Non sorprende che, nel tempo intercorso tra l’approvazione della costituzione apostolica Ut sit (1982), il Sinodo ordinario del 1987 e il pontificato di Francesco (2013), l’Opus Dei abbia avuto – come era prevedibile – una crescita spettacolare: presente in più di sessanta paesi e composto da più di 93.000 membri laici, molti dei quali affermati politici e uomini d’affari, contava duemila sacerdoti, la maggioranza in Europa e in America Latina.
Una lenta deriva
Fu un’epoca ricca di servizi al vescovo di Roma e alla sua curia – ovviamente, nella fedeltà al modello pre-conciliare per quanto riguarda la comprensione e l’esercizio dell’autorità e del potere, promosso dal vertice della Chiesa cattolica – durante i pontificati di Giovanni Paolo II e di Benedetto XVI. E, allo stesso tempo, di grandi dissapori con molti vescovi locali.
Ma è anche vero che fu un’epoca in cui non sono mancate le denunce per la sua vicinanza e il suo schieramento a favore di politiche e di prassi economiche liberali profondamente antievangeliche, senza che i corrispondenti dicasteri della Santa Sede accogliessero tali accuse.
Da parte di membri della stessa prelatura aumentarono le imputazioni nei confronti di determinate decisioni o iniziative diocesane o riguardo a teologi sospettati – a parere dei denuncianti – di deviazioni dottrinali. E tali denunce – a differenza di quelle segnalate in precedenza – incontrarono una notevole accoglienza presso la Santa Sede. Segno chiaro che i criteri di coloro che denunciavano erano in piena sintonia con le opzioni ecclesiologiche, morali, teologiche e di governo imperanti durante i due pontificati anteriori a quello di Francesco.

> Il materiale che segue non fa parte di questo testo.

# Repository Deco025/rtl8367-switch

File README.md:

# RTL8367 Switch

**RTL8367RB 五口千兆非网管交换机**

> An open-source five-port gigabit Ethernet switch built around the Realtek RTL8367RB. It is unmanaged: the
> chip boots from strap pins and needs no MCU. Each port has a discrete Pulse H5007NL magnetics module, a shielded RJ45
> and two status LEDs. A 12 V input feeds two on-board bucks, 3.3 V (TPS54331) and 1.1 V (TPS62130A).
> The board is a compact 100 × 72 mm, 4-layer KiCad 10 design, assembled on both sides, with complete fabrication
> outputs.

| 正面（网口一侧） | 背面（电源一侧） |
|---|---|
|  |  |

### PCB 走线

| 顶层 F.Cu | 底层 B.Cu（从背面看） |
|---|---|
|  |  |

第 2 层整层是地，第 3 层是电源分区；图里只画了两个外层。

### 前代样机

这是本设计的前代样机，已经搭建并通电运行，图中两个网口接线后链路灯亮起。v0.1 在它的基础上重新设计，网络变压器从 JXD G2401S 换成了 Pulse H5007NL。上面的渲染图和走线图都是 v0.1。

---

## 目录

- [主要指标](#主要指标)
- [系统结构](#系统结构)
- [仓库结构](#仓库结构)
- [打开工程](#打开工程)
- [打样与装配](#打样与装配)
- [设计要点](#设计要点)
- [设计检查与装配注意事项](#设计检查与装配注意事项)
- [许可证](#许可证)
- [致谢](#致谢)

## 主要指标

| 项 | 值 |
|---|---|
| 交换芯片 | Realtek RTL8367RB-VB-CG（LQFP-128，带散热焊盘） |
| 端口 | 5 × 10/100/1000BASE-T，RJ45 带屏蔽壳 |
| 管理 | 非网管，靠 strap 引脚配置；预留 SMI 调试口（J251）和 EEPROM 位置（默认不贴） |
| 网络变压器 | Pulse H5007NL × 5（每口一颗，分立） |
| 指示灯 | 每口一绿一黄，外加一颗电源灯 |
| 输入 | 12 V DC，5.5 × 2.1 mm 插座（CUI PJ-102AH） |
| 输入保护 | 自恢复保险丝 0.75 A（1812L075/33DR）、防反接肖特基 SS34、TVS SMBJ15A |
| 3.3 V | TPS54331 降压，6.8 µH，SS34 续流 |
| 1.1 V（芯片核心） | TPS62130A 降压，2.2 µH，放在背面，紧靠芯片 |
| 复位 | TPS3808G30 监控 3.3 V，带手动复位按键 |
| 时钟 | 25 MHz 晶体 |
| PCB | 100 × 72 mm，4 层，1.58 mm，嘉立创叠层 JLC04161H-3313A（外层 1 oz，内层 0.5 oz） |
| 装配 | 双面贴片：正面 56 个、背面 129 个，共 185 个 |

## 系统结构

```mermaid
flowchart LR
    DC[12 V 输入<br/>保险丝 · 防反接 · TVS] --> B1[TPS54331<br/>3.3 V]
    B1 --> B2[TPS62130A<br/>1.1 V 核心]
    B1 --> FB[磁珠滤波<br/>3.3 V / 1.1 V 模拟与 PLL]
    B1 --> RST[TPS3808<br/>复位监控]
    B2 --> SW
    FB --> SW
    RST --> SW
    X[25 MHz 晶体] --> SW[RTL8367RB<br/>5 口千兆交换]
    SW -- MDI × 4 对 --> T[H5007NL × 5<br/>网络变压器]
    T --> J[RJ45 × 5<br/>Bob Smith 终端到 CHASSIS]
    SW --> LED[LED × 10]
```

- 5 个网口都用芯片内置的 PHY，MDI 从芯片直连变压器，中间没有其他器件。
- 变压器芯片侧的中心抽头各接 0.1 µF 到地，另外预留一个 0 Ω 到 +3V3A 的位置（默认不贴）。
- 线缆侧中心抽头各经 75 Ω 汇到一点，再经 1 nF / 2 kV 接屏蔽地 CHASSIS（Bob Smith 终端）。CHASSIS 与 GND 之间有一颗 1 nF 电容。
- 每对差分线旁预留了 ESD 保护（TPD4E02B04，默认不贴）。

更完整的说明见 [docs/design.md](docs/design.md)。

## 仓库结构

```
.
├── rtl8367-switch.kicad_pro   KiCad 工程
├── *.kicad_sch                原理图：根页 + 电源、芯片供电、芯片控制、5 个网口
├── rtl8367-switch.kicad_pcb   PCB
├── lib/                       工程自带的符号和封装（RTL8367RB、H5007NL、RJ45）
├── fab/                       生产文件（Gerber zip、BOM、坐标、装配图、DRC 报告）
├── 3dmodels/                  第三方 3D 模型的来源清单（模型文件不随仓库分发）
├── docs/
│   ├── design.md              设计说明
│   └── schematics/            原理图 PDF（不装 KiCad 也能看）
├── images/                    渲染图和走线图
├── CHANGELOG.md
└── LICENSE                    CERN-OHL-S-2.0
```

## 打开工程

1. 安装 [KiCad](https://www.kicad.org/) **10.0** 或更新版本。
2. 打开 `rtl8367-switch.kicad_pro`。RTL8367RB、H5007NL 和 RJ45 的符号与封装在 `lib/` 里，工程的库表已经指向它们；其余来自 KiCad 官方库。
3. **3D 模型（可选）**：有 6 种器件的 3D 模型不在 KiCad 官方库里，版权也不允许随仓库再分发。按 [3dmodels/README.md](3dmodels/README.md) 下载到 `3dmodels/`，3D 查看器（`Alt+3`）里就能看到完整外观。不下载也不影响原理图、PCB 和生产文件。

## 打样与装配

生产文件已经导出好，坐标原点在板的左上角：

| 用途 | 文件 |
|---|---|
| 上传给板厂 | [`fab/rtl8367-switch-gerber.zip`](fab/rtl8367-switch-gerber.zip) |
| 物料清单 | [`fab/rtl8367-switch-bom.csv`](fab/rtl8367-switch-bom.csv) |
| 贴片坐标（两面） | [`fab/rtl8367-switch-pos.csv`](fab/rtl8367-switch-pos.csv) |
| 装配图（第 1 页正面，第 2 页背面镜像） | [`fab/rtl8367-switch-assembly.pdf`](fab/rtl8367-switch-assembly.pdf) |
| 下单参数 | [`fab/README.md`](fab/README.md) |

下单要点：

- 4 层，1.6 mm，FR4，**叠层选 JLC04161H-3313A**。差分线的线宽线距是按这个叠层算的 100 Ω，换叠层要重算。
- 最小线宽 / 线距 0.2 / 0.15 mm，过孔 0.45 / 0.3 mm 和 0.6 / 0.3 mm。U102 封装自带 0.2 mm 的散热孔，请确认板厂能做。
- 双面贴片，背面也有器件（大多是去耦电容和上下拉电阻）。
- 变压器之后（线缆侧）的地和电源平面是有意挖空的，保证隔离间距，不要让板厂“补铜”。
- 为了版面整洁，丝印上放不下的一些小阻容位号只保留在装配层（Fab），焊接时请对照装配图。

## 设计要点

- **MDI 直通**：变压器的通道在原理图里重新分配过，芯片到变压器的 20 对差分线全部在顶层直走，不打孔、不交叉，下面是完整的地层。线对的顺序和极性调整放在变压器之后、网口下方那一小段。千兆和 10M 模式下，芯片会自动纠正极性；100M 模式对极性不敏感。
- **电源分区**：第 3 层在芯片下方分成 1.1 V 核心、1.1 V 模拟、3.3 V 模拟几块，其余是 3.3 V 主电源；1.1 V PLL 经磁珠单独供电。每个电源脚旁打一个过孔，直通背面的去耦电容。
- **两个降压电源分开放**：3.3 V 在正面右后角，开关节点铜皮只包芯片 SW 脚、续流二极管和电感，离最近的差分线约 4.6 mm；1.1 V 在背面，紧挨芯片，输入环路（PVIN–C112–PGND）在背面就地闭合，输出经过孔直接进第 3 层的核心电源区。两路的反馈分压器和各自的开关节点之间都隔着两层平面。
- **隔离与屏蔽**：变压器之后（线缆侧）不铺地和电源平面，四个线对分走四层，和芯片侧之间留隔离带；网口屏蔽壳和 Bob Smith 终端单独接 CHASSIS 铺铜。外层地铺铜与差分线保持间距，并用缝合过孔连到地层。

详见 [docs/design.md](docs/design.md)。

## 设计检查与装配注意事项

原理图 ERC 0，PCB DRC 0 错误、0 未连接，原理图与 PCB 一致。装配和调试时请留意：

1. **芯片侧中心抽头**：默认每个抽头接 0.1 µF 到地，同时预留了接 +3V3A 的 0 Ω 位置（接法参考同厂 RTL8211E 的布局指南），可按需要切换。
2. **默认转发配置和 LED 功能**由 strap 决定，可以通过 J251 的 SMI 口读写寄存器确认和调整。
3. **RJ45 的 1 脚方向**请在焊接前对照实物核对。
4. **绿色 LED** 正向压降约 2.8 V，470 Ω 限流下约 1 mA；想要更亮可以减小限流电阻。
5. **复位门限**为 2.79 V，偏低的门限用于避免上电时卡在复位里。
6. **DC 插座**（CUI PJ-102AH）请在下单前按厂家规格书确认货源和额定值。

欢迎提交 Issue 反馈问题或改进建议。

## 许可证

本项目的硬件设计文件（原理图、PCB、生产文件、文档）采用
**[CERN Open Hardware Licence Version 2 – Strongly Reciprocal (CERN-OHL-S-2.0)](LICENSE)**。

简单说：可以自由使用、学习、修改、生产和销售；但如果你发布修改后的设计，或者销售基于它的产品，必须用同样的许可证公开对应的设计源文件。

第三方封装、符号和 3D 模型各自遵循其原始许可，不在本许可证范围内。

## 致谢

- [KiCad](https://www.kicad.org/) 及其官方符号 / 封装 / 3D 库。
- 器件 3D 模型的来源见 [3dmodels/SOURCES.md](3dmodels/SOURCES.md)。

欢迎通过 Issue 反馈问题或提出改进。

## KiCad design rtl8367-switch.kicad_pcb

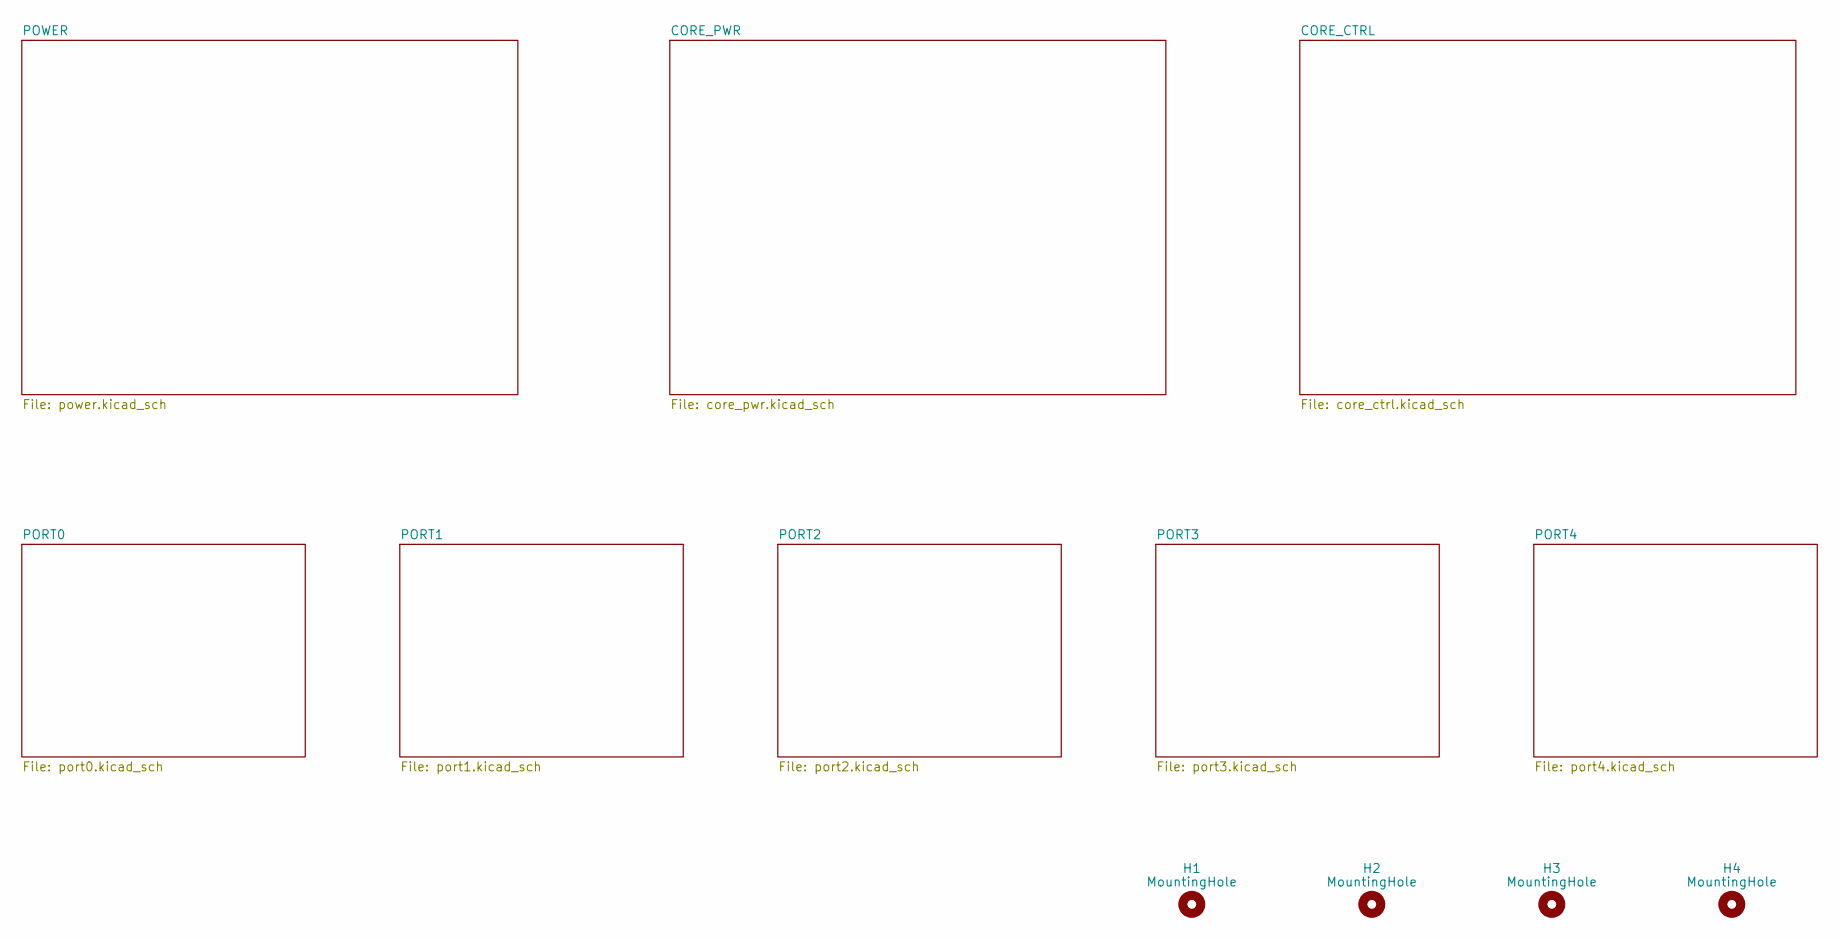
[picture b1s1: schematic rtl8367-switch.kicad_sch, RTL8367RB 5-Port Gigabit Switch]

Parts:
H1, H2, H3, H4: MountingHole; MountingHole_3.2mm_M3

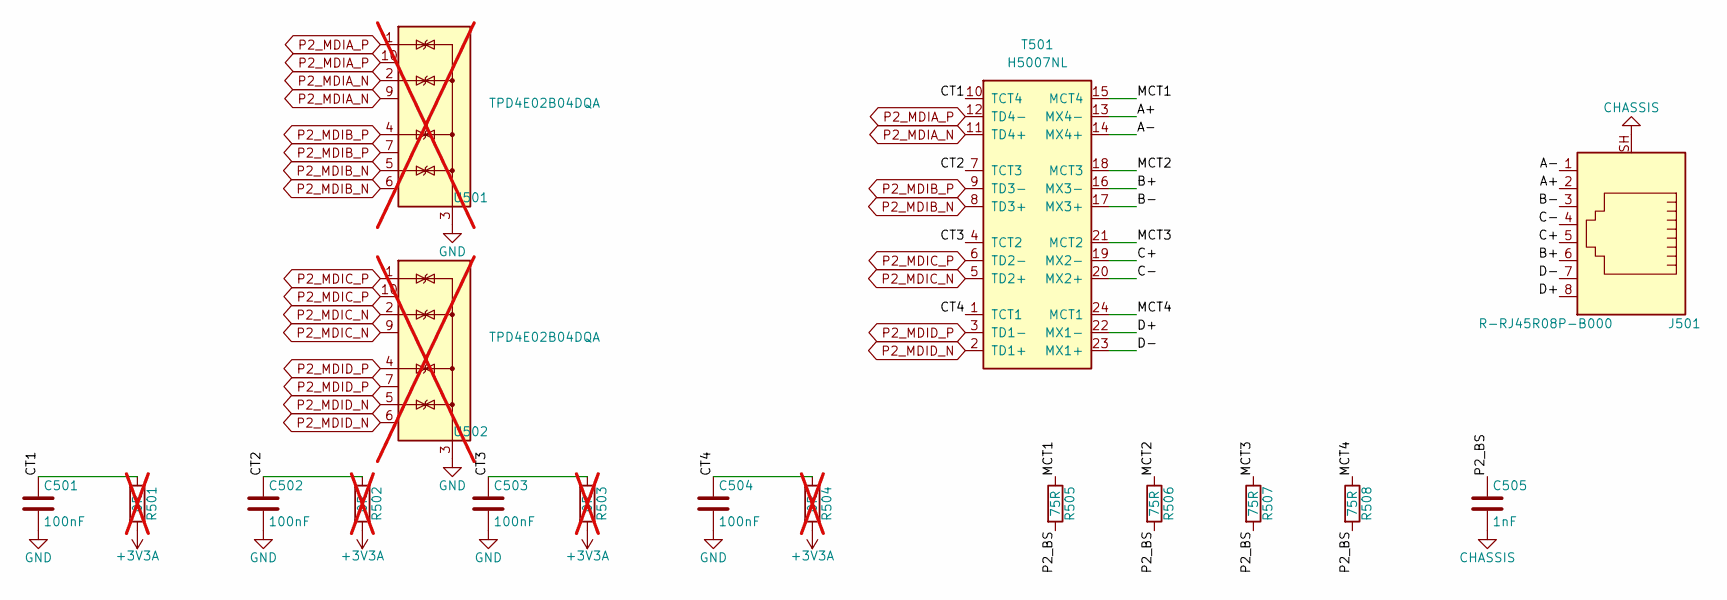
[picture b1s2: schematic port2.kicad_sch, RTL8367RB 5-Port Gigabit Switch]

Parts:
C501, C502, C503, C504: 100nF; C_0402_1005Metric; Voltage 16V
C505: 1nF; C_1206_3216Metric; Voltage 2kV
J501: R-RJ45R08P-B000; RJ45_Ckmtw_R-RJ45R08P-B000_Horizontal; MPN R-RJ45R08P-B000; LCSC C386756
R501, R502, R503, R504: 0R; R_0402_1005Metric; not fitted
R505, R506, R507, R508: 75R; R_0603_1608Metric; Tolerance 1%
T501: H5007NL; Pulse_H5007NL; MPN H5007NL; LCSC C6384935
U501, U502: TPD4E02B04DQA; USON-10_2.5x1.0mm_P0.5mm; MPN TPD4E02B04DQAR; not fitted

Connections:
+3V3A: R501.2, R502.2, R503.2, R504.2; also elsewhere on the board
/PORT2/A+: J501.2, T501.13 (MX4-)
/PORT2/A-: J501.1, T501.14 (MX4+)
/PORT2/B+: J501.6, T501.16 (MX3-)
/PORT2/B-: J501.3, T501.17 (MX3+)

Non sorprende tuttavia che, a poco a poco, siano affiorate preoccupanti segnalazioni critiche sui modi di procedere e sulle particolari opzioni della prelatura; soprattutto da parte di persone che, dopo averne fatto parte, avevano deciso di uscirne. E lo fecero comunicando le motivazioni e le ragioni della loro decisione.
Né deve stupire che si cominciassero a conoscere dossier con giudizi molto negativi sulla prelatura in cui si denunciavano comportamenti e decisioni che, compiuti da membri dell’Opus Dei, si scontravano frontalmente con le scelte adottate da diverse Chiese locali in cui operava l’Opus Dei o qualche organizzazione ad esso collegata.
La prelatura personale – si poteva leggere in quei dossier – non solo “andava per conto suo” nelle Chiese locali, ma dichiarava di poterlo fare perché aveva il sostegno del papa e della sua curia.
Il legame con la destra politica ed economica, l’impunità ecclesiastica di cui i suoi membri sembravano godere di fronte alle accuse di molti dei loro ex membri e la loro arroganza, fecero sì che alcuni media e alcune associazioni sociali ed ecclesiastiche dessero per buona la qualifica di “santa mafia” applicata all’Opus Dei. Apparsa sulla stampa, per la prima volta, nel 1970, quella qualifica fortemente negativa intendeva denunciare l’Opus come un’organizzazione segreta con un’enorme capacità di manovrare i fili del potere dentro e fuori il Vaticano. Accusa che la prelatura ha ripetutamente rifiutato, ma con scarso successo.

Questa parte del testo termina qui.